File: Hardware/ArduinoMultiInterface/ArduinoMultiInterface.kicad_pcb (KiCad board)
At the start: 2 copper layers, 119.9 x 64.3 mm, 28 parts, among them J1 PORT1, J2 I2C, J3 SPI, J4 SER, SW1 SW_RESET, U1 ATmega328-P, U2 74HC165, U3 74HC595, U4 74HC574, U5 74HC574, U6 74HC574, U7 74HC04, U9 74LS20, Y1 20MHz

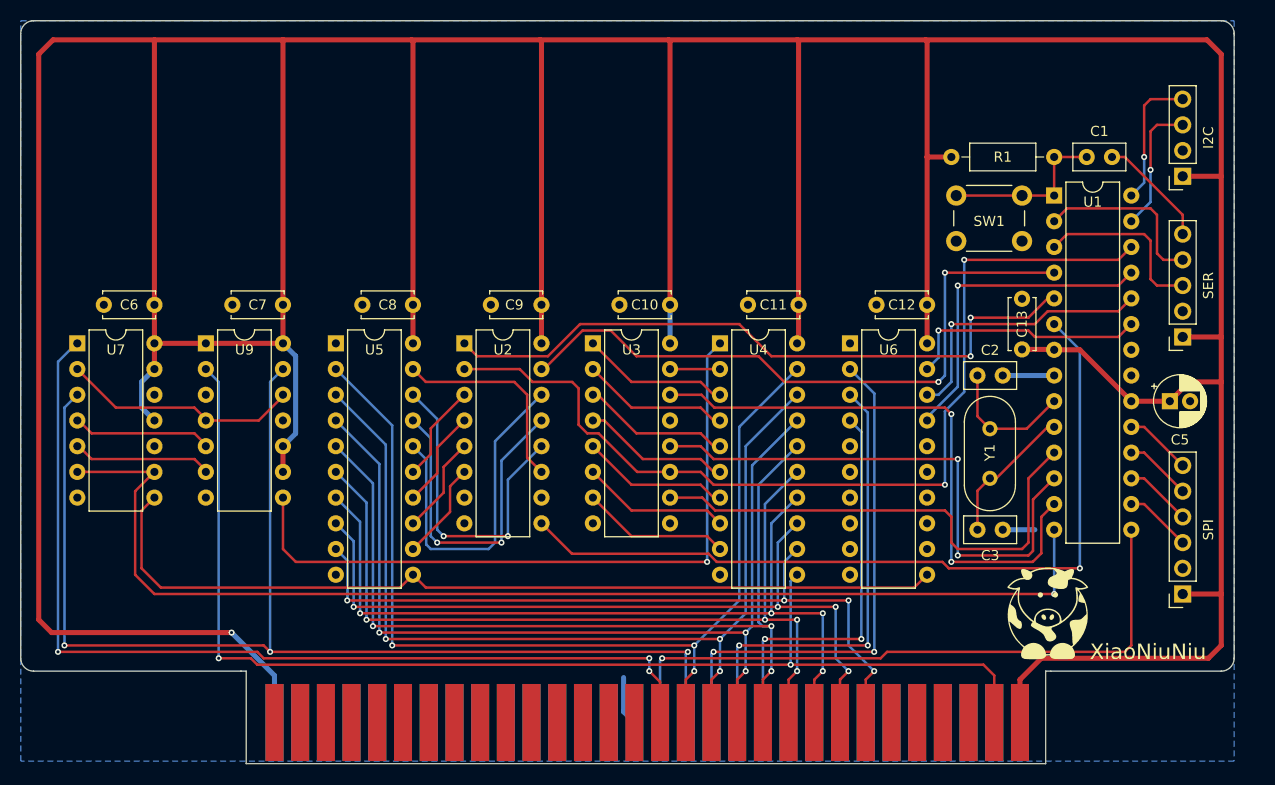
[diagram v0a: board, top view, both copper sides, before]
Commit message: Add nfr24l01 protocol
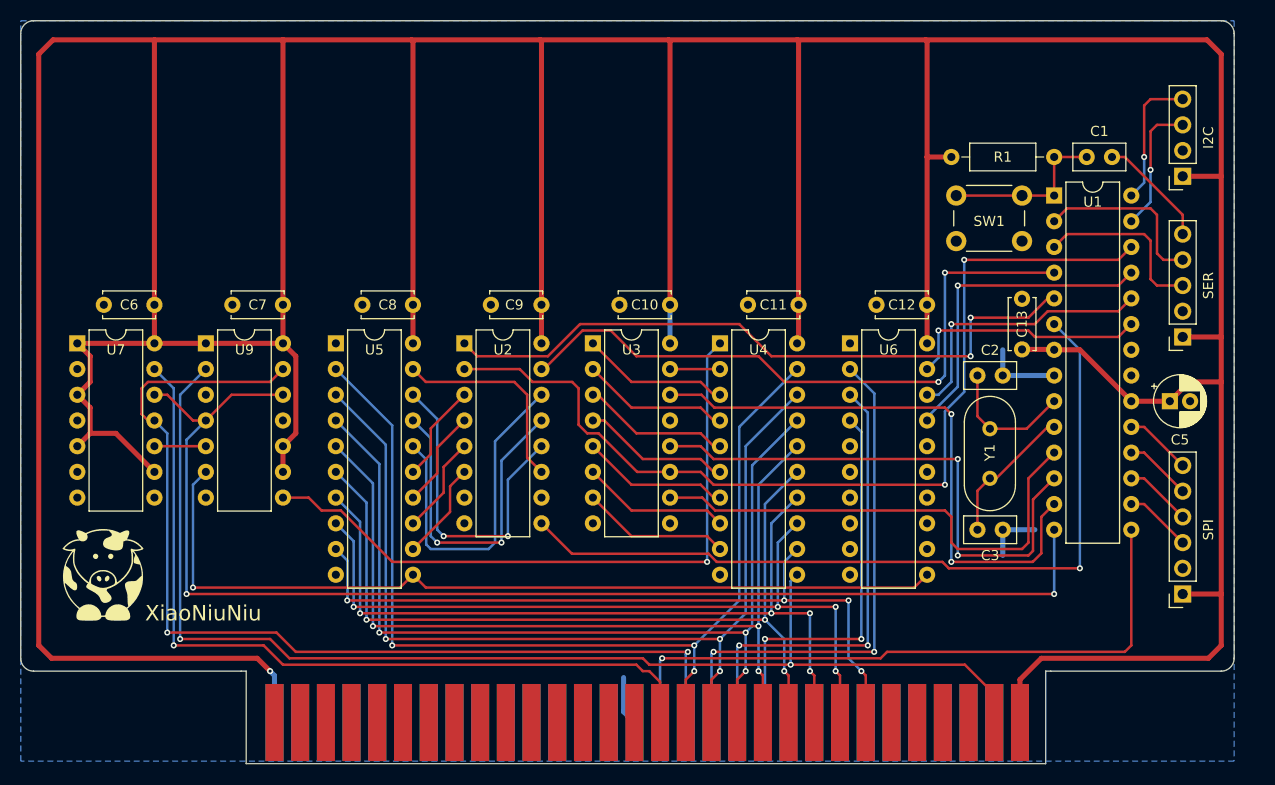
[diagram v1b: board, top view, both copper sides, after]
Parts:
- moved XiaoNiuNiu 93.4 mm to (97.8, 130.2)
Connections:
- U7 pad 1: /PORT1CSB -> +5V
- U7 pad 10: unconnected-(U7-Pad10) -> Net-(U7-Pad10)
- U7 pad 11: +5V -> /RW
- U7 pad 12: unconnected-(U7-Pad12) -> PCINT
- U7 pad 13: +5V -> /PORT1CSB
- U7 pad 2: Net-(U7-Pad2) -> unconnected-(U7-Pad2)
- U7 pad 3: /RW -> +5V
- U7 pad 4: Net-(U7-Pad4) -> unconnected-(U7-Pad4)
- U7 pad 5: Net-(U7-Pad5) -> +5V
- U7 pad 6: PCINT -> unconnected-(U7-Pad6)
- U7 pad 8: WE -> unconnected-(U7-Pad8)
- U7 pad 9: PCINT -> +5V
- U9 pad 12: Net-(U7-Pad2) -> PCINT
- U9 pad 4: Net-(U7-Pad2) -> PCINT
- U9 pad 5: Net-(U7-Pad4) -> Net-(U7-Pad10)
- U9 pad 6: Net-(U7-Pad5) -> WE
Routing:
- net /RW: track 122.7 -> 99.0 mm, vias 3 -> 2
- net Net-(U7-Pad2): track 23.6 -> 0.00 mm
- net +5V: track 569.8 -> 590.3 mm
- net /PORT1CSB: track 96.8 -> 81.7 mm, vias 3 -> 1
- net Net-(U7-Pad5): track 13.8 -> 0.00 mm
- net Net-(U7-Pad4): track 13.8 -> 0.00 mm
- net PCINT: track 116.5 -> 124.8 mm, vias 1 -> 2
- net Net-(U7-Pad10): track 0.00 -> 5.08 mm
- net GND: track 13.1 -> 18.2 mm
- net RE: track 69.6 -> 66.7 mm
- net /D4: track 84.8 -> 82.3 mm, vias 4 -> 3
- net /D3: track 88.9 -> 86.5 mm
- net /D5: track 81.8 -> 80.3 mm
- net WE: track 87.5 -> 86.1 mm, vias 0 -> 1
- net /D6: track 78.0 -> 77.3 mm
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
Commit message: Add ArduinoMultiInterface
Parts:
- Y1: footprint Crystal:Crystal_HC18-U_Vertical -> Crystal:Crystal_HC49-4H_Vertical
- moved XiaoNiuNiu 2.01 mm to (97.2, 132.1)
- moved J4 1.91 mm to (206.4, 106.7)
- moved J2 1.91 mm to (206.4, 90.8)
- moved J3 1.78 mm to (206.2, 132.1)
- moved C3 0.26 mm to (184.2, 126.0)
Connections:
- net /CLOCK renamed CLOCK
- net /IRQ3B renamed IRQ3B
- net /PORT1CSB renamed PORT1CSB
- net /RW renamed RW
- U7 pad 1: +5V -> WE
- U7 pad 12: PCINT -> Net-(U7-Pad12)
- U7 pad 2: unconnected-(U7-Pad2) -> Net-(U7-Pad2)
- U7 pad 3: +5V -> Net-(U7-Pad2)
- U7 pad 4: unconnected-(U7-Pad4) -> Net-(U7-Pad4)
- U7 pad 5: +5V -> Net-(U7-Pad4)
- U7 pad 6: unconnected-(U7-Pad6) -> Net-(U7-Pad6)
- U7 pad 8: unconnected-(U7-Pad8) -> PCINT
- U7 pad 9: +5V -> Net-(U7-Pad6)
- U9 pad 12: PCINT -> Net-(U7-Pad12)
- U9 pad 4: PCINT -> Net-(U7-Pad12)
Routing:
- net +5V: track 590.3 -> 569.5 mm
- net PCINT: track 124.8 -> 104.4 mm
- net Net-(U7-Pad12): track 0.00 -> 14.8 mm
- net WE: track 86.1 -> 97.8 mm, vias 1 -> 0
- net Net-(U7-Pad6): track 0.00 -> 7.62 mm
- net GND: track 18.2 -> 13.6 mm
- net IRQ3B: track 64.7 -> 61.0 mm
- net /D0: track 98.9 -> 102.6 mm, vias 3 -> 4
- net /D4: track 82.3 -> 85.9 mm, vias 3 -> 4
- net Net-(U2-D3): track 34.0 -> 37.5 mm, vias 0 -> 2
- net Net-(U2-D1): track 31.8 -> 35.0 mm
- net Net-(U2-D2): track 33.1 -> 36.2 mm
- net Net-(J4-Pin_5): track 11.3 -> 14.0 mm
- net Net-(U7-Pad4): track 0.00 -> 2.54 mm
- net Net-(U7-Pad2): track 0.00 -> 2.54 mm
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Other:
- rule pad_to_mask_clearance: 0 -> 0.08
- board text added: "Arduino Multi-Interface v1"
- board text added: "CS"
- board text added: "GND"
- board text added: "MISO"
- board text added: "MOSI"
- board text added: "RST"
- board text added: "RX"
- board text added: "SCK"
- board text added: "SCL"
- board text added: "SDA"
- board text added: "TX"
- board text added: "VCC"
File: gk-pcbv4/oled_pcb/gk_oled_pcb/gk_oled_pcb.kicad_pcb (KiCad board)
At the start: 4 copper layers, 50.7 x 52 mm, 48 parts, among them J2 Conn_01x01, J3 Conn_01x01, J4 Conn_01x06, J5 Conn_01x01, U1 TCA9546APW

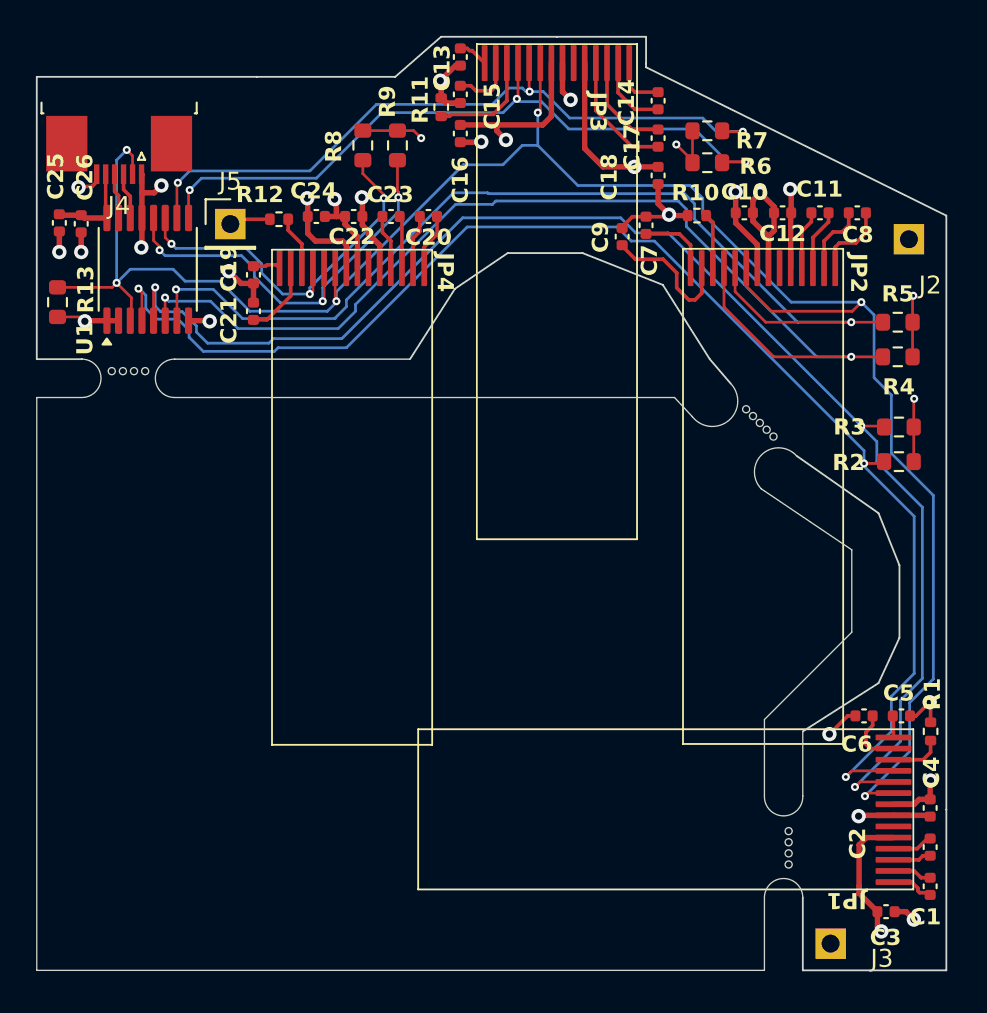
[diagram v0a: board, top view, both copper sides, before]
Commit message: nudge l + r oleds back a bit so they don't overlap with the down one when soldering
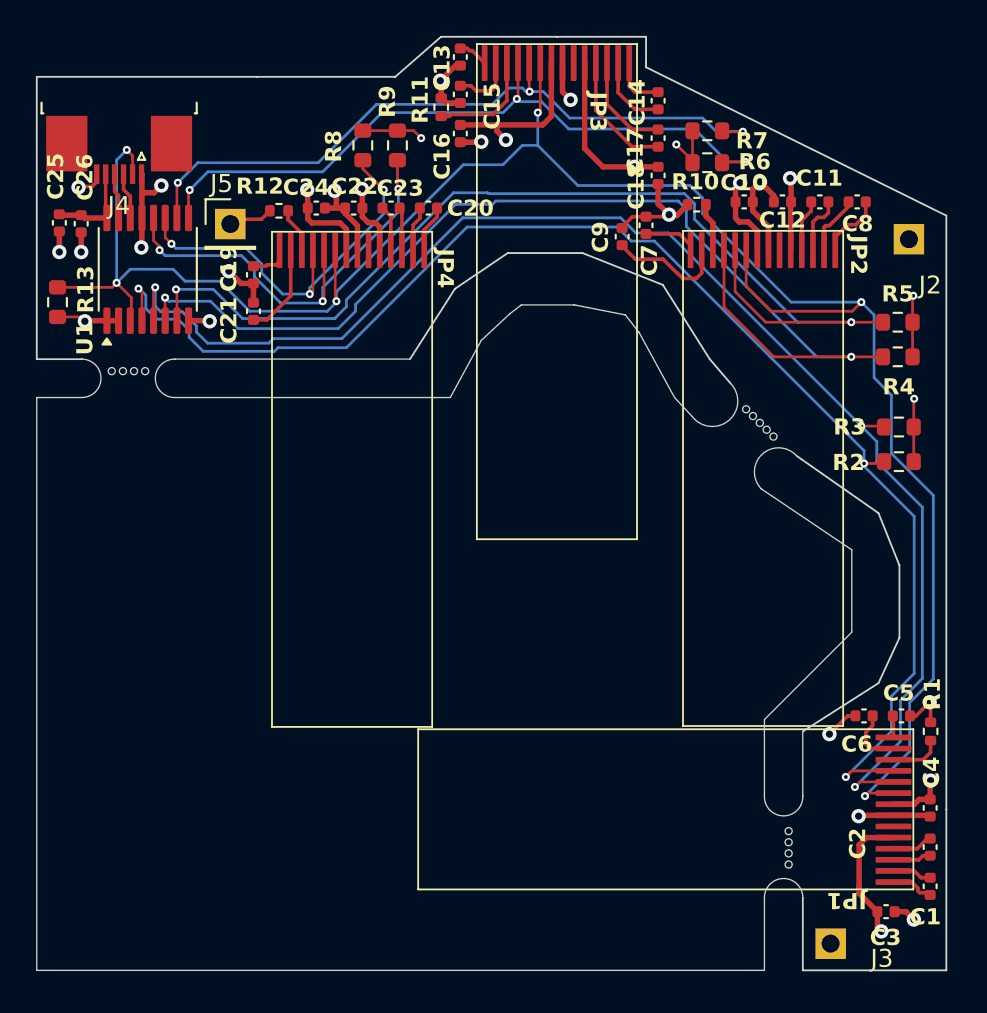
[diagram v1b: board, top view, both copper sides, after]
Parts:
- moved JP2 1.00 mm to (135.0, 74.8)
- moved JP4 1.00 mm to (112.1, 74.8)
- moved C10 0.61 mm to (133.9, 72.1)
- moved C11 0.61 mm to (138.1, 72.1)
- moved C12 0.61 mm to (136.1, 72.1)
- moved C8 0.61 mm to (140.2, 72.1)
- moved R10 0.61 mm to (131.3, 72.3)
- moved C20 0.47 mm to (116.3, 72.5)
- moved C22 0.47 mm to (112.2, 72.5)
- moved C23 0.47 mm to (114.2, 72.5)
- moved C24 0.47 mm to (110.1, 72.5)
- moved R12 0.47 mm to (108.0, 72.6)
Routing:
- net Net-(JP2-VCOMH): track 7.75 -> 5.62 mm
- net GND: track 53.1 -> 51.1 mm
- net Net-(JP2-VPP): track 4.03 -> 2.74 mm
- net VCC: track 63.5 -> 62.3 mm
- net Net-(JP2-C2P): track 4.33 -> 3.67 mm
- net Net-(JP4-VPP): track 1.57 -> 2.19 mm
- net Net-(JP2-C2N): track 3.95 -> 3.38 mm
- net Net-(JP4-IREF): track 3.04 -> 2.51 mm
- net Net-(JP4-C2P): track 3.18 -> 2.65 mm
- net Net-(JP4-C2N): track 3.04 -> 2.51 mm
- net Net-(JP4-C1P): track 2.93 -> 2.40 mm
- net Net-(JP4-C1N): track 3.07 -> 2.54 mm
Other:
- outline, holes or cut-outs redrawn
════════════════════
> **TASK PROMPT**:
Would you please copy exactly the part of the entries above that begins at the line containing "- net /RW renamed RW" and ends at the line containing "- net Net-(U7-Pad12): track 0.00 -> 14.8 mm", both lines included?

> **WRITTEN REPLY**:
- net /RW renamed RW
- U7 pad 1: +5V -> WE
- U7 pad 12: PCINT -> Net-(U7-Pad12)
- U7 pad 2: unconnected-(U7-Pad2) -> Net-(U7-Pad2)
- U7 pad 3: +5V -> Net-(U7-Pad2)
- U7 pad 4: unconnected-(U7-Pad4) -> Net-(U7-Pad4)
- U7 pad 5: +5V -> Net-(U7-Pad4)
- U7 pad 6: unconnected-(U7-Pad6) -> Net-(U7-Pad6)
- U7 pad 8: unconnected-(U7-Pad8) -> PCINT
- U7 pad 9: +5V -> Net-(U7-Pad6)
- U9 pad 12: PCINT -> Net-(U7-Pad12)
- U9 pad 4: PCINT -> Net-(U7-Pad12)
Routing:
- net +5V: track 590.3 -> 569.5 mm
- net PCINT: track 124.8 -> 104.4 mm
- net Net-(U7-Pad12): track 0.00 -> 14.8 mm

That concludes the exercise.